Gelombang demonstrasi di Tiongkok baru-baru ini mencerminkan ketidakpuasan masyarakat terhadap kebijakan lockdown yang diterapkan pemerintah untuk mengendalikan penyebaran Covid-19. Dalam aksi tersebut, para demonstran menuntut agar Presiden Xi mengundurkan diri dari jabatannya.
Isu pemecatan kepala negara atau pemakzulan pernah dibahas dalam konteks fiqhiyah pada Muktamar Ke-33 Nahdlatul Ulama (NU) yang berlangsung pada awal Agustus 2015 di Kabupaten Jombang, Provinsi Jawa Timur. Dalam diskusi tersebut, para ulama sepakat bahwa masyarakat wajib menaati pemimpin selama pemimpin tersebut menjalankan amanat dengan baik. Selain itu, pemecatan pemimpin tidak dapat dilakukan tanpa alasan yang sah.
Pemakzulan pemimpin, baik presiden, gubernur, maupun bupati, berpotensi menimbulkan masalah lebih besar, yaitu ketidakstabilan politik dan pemerintahan. Tanpa alasan yang jelas dan dibenarkan, tindakan pemakzulan dapat dimanfaatkan oleh pihak-pihak tertentu untuk menciptakan instabilitas politik yang berdampak luas pada berbagai sektor.
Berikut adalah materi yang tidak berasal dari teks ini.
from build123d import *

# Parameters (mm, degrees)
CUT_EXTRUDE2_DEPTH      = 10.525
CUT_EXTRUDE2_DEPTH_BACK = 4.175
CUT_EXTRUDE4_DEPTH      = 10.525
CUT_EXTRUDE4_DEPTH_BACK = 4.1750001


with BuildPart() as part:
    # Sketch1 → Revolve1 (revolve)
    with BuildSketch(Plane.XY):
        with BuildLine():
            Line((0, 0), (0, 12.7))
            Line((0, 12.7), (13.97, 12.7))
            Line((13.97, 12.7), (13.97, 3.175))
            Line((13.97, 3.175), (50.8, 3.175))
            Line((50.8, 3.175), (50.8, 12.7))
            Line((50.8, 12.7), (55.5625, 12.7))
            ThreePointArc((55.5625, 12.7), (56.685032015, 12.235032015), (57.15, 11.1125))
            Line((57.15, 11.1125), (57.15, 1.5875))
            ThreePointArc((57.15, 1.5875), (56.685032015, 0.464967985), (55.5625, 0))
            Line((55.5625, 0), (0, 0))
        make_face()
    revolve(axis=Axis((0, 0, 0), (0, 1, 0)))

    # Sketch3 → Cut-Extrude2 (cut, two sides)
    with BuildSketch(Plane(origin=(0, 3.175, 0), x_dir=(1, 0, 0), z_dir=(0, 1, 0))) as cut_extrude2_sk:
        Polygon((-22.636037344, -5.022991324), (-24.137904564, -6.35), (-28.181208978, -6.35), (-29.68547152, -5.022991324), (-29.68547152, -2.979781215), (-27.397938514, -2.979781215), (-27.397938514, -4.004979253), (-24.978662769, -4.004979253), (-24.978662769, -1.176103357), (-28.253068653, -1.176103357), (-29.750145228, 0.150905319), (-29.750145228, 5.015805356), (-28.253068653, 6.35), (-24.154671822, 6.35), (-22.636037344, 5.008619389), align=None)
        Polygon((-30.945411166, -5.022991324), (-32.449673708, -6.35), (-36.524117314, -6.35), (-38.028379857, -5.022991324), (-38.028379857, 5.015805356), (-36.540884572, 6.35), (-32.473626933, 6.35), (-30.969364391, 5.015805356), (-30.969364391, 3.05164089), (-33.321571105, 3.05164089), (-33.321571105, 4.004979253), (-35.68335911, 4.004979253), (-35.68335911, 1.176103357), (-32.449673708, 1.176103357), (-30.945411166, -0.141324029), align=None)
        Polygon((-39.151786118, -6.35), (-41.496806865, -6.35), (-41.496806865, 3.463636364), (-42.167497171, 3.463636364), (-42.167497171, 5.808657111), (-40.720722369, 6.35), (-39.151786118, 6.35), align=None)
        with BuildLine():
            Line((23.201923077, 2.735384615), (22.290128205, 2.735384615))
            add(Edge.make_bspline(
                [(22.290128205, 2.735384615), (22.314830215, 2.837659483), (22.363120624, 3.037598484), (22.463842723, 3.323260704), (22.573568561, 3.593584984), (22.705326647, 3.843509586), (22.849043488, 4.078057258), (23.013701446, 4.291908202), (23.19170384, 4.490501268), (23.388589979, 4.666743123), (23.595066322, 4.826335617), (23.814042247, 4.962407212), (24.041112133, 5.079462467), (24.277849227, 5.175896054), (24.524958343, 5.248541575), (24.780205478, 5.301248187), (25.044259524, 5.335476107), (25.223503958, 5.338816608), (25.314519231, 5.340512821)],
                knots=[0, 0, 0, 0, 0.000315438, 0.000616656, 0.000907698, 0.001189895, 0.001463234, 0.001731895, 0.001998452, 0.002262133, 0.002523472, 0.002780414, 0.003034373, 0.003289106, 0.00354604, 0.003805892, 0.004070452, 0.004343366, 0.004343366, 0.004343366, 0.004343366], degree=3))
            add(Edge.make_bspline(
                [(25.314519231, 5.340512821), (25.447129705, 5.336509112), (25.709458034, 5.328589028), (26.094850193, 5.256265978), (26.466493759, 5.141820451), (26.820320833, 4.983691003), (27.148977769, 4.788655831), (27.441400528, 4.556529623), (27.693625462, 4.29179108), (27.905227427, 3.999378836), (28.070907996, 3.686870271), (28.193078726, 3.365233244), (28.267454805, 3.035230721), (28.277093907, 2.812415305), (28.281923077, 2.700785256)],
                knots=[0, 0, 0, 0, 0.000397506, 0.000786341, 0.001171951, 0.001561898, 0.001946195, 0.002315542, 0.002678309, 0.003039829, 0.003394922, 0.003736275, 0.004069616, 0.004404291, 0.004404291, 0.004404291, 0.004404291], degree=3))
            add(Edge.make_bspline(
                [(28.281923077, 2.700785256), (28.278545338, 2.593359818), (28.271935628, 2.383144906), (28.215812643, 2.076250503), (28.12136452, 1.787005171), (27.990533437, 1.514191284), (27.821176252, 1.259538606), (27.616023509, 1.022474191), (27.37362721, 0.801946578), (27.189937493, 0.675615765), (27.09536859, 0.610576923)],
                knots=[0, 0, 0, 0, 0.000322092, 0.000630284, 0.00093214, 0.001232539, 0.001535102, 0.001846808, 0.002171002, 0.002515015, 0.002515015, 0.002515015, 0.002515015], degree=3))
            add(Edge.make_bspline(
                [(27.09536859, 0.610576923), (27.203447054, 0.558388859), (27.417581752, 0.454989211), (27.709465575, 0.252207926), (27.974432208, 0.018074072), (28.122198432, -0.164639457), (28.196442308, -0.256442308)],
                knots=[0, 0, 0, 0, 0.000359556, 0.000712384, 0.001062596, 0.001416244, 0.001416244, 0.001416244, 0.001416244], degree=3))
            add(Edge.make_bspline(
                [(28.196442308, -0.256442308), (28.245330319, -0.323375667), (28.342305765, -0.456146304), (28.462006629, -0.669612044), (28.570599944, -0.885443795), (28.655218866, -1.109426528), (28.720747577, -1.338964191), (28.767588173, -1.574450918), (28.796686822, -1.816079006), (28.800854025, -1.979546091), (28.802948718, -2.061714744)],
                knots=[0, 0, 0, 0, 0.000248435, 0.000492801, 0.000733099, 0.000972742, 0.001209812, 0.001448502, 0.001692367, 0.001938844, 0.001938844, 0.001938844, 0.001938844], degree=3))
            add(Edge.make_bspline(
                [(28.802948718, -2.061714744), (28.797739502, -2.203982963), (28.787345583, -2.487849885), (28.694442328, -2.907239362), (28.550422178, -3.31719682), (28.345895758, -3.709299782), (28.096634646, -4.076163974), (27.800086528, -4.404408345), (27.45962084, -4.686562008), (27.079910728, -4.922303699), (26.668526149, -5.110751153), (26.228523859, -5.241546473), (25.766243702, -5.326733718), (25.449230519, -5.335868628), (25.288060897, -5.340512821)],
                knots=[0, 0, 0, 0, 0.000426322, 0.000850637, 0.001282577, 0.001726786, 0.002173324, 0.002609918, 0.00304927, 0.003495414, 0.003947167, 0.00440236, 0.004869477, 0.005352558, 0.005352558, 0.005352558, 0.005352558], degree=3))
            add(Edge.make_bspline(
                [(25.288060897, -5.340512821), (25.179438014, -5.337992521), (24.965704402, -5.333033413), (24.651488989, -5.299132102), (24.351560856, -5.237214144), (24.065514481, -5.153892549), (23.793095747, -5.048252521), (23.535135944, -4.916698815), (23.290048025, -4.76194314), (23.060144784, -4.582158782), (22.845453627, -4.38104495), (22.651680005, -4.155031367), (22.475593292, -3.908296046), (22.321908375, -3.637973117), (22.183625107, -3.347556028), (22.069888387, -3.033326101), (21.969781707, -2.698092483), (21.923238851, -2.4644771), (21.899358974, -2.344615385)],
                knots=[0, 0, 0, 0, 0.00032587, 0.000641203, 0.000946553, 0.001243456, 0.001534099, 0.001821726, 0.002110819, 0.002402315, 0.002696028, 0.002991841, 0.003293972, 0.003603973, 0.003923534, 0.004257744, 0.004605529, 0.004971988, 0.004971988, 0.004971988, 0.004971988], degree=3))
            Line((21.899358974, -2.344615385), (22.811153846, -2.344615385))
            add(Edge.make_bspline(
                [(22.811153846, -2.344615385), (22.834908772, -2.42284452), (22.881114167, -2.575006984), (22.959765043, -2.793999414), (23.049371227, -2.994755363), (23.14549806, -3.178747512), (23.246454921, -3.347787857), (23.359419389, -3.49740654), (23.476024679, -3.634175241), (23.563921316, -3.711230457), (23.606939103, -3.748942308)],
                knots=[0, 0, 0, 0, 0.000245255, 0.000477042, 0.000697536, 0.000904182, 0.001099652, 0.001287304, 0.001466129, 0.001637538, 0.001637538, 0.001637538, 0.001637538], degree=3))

Forum Muktamar Ke-33 NU di Jombang memutuskan bahwa mayoritas ulama berpendapat tidak ada alasan yang cukup untuk memberhentikan pemimpin kecuali jika terbukti melanggar konstitusi. Jika seorang pemimpin terbukti dan ditetapkan secara hukum telah melanggar konstitusi, maka ia dapat dimakzulkan dengan tahapan sebagai berikut:
a. Direkomendasikan untuk mengundurkan diri;
b. Jika menolak untuk mundur dan tidak ingin bertobat, maka dapat dimakzulkan sesuai dengan aturan konstitusional selama tidak menimbulkan mudharat yang lebih besar;
c. Proses pemberhentian harus mengikuti tahapan konstitusi yang berlaku.
Peserta forum Muktamar Ke-33 NU mengutip Kitab Raudhatut Thalibin karya Imam An-Nawawi, yang menyatakan:
“Keempat, tidak boleh memakzulkan pemimpin tanpa sebab. Jika sekelompok masyarakat mencoba memecatnya, maka kedudukannya sebagai pemimpin tetap sah. Namun, jika pemimpin mengundurkan diri, harus dipertimbangkan apakah pengunduran dirinya disebabkan oleh ketidakmampuannya dalam menjalankan pemerintahan akibat faktor usia, sakit, atau lainnya, maka ia telah termakzulkan.”
Dari penjelasan tersebut, dapat disimpulkan bahwa demonstrasi dalam konteks demokrasi adalah tindakan konstitusional yang harus disikapi dengan bijak, terutama jika aksi tersebut berlangsung secara damai. Tuntutan pemakzulan terhadap pemimpin tidak dapat dibenarkan tanpa adanya pelanggaran konstitusi yang nyata.